Entries provided:
********************
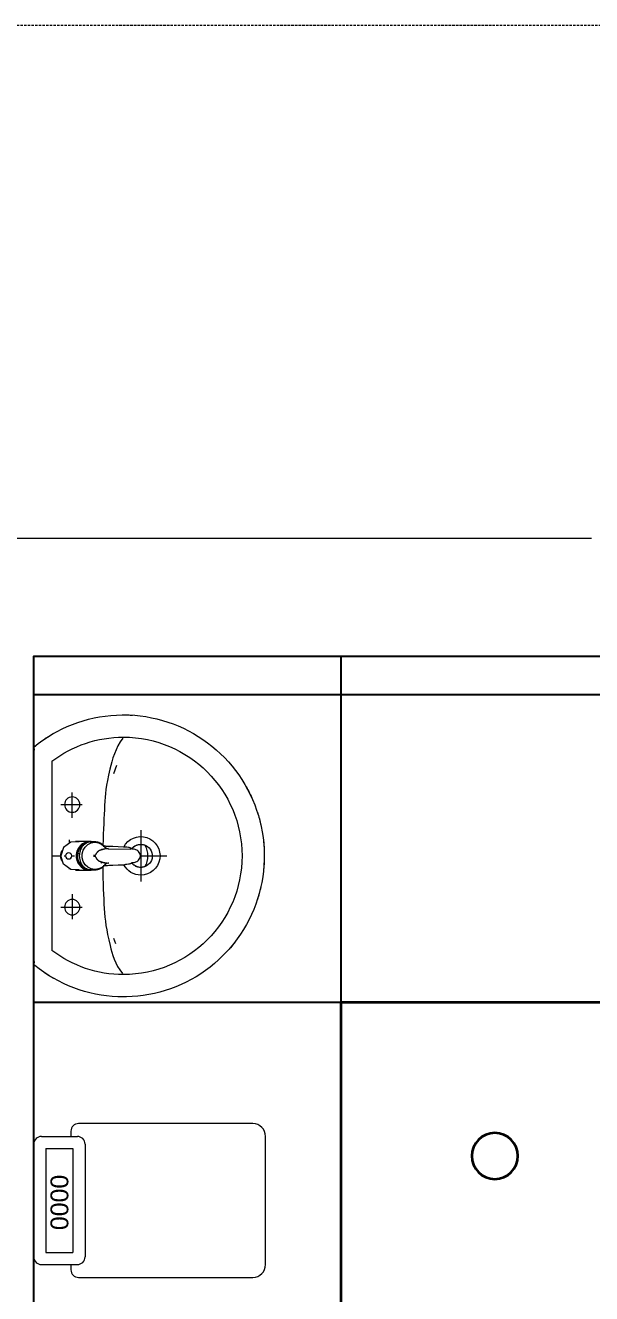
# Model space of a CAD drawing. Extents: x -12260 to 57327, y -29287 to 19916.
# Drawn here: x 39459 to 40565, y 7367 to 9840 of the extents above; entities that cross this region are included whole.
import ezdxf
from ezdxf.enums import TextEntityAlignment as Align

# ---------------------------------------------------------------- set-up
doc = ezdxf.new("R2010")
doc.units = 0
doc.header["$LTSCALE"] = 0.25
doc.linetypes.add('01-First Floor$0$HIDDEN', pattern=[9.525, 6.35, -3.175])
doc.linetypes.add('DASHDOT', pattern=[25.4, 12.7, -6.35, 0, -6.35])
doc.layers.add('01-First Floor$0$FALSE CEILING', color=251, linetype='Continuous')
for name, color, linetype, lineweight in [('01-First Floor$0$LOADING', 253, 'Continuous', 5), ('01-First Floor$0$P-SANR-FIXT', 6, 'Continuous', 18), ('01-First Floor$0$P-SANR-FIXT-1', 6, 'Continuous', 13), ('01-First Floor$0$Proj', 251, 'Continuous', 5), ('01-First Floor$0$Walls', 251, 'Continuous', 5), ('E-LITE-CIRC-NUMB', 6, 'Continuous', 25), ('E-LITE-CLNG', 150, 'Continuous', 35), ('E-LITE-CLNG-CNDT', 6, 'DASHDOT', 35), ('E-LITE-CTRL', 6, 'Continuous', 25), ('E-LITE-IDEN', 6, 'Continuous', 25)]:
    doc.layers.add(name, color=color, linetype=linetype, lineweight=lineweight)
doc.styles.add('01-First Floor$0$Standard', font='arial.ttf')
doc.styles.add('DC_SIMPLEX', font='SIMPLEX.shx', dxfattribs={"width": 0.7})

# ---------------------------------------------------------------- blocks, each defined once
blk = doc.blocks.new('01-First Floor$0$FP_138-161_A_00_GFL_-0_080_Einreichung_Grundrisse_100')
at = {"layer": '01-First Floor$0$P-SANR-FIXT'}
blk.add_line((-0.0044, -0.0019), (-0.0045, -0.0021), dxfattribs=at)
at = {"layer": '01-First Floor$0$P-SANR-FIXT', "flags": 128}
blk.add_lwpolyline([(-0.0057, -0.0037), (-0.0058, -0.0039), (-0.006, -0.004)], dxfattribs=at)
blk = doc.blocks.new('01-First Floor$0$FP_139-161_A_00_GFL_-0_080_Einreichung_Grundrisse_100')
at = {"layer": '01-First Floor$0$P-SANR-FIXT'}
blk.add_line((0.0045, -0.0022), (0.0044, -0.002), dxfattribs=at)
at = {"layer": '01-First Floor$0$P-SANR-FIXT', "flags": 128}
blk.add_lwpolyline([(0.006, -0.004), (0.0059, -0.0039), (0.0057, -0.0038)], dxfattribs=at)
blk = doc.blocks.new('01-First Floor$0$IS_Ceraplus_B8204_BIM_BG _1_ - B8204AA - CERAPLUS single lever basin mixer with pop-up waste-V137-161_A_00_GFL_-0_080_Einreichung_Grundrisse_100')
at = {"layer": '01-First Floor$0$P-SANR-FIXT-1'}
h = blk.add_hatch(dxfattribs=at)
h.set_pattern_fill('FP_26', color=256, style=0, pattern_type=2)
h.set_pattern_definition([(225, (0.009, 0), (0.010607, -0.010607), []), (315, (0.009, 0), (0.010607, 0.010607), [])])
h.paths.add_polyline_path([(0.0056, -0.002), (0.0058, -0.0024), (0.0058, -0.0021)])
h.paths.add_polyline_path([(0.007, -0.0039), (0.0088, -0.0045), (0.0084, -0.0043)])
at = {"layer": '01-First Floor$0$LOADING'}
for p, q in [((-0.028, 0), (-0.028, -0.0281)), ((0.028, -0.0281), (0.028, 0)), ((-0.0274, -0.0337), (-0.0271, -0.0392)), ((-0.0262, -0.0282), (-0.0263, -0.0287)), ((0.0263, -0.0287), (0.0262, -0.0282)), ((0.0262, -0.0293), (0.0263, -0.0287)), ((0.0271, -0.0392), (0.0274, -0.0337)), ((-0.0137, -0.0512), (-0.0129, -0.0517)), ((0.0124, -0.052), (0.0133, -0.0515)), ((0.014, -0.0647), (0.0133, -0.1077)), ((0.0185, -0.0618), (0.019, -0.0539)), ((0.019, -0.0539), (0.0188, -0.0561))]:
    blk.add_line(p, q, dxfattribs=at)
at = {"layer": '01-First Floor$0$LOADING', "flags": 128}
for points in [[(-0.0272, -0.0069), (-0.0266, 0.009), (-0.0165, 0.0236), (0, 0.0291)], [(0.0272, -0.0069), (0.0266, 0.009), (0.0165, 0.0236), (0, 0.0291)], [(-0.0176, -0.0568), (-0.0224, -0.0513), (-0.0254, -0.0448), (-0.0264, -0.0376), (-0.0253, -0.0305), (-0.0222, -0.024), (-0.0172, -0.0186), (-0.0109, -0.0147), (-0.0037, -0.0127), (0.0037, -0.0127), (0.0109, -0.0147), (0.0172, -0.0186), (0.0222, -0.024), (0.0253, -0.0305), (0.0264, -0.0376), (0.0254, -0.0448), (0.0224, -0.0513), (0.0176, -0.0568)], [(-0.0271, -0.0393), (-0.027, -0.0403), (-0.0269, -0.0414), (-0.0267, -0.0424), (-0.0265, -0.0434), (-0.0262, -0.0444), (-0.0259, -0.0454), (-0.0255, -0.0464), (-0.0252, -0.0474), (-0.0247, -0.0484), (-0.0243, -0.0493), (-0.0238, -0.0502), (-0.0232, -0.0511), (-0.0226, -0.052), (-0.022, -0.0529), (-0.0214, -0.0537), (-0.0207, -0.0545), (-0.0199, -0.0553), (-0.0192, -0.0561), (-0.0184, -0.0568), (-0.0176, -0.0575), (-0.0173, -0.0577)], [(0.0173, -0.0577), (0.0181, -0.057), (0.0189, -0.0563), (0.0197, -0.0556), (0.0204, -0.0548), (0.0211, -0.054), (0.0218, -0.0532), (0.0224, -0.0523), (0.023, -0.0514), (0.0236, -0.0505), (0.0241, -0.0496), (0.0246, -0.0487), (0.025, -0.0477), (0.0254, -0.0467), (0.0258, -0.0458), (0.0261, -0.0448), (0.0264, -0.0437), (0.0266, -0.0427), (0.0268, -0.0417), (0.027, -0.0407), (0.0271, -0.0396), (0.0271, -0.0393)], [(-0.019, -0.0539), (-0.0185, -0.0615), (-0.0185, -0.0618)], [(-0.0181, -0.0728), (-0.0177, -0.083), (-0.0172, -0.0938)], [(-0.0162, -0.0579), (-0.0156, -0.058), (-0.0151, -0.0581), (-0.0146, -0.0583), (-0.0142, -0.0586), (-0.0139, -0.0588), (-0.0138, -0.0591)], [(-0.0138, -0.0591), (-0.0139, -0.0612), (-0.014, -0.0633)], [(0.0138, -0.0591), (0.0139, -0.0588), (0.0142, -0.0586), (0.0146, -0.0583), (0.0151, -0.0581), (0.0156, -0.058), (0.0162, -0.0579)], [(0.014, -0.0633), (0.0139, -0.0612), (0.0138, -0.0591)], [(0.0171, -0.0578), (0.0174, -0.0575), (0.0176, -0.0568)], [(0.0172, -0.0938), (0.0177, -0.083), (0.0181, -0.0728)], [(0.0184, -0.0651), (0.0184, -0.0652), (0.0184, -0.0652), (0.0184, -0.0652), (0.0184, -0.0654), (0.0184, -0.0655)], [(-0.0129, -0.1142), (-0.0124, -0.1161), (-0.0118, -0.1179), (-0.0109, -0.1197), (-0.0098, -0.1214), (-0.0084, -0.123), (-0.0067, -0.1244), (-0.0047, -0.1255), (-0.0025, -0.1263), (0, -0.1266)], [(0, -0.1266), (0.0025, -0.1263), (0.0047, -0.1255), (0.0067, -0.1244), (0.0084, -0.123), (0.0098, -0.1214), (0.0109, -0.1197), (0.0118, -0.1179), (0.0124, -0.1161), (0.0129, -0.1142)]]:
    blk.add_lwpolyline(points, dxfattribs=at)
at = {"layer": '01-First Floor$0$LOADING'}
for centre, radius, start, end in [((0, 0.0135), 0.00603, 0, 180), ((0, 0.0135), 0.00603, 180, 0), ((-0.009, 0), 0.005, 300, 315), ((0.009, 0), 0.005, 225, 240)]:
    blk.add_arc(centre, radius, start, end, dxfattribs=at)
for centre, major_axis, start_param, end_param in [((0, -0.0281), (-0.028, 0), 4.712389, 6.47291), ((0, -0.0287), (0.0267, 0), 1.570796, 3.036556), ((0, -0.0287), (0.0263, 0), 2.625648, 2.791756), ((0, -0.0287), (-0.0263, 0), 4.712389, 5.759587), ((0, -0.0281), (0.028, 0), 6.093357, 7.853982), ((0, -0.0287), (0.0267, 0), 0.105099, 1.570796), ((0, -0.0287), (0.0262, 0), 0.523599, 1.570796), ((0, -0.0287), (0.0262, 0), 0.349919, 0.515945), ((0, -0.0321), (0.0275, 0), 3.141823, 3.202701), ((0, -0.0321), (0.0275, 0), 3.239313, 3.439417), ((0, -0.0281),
********************
What you should return is the exact text of every line from the top of the entries through the line with "from ezdxf.enums import", pictures removed.

# Model space of a CAD drawing. Extents: x -12260 to 57327, y -29287 to 19916.
# Drawn here: x 39459 to 40565, y 7367 to 9840 of the extents above; entities that cross this region are included whole.
import ezdxf
from ezdxf.enums import TextEntityAlignment as Align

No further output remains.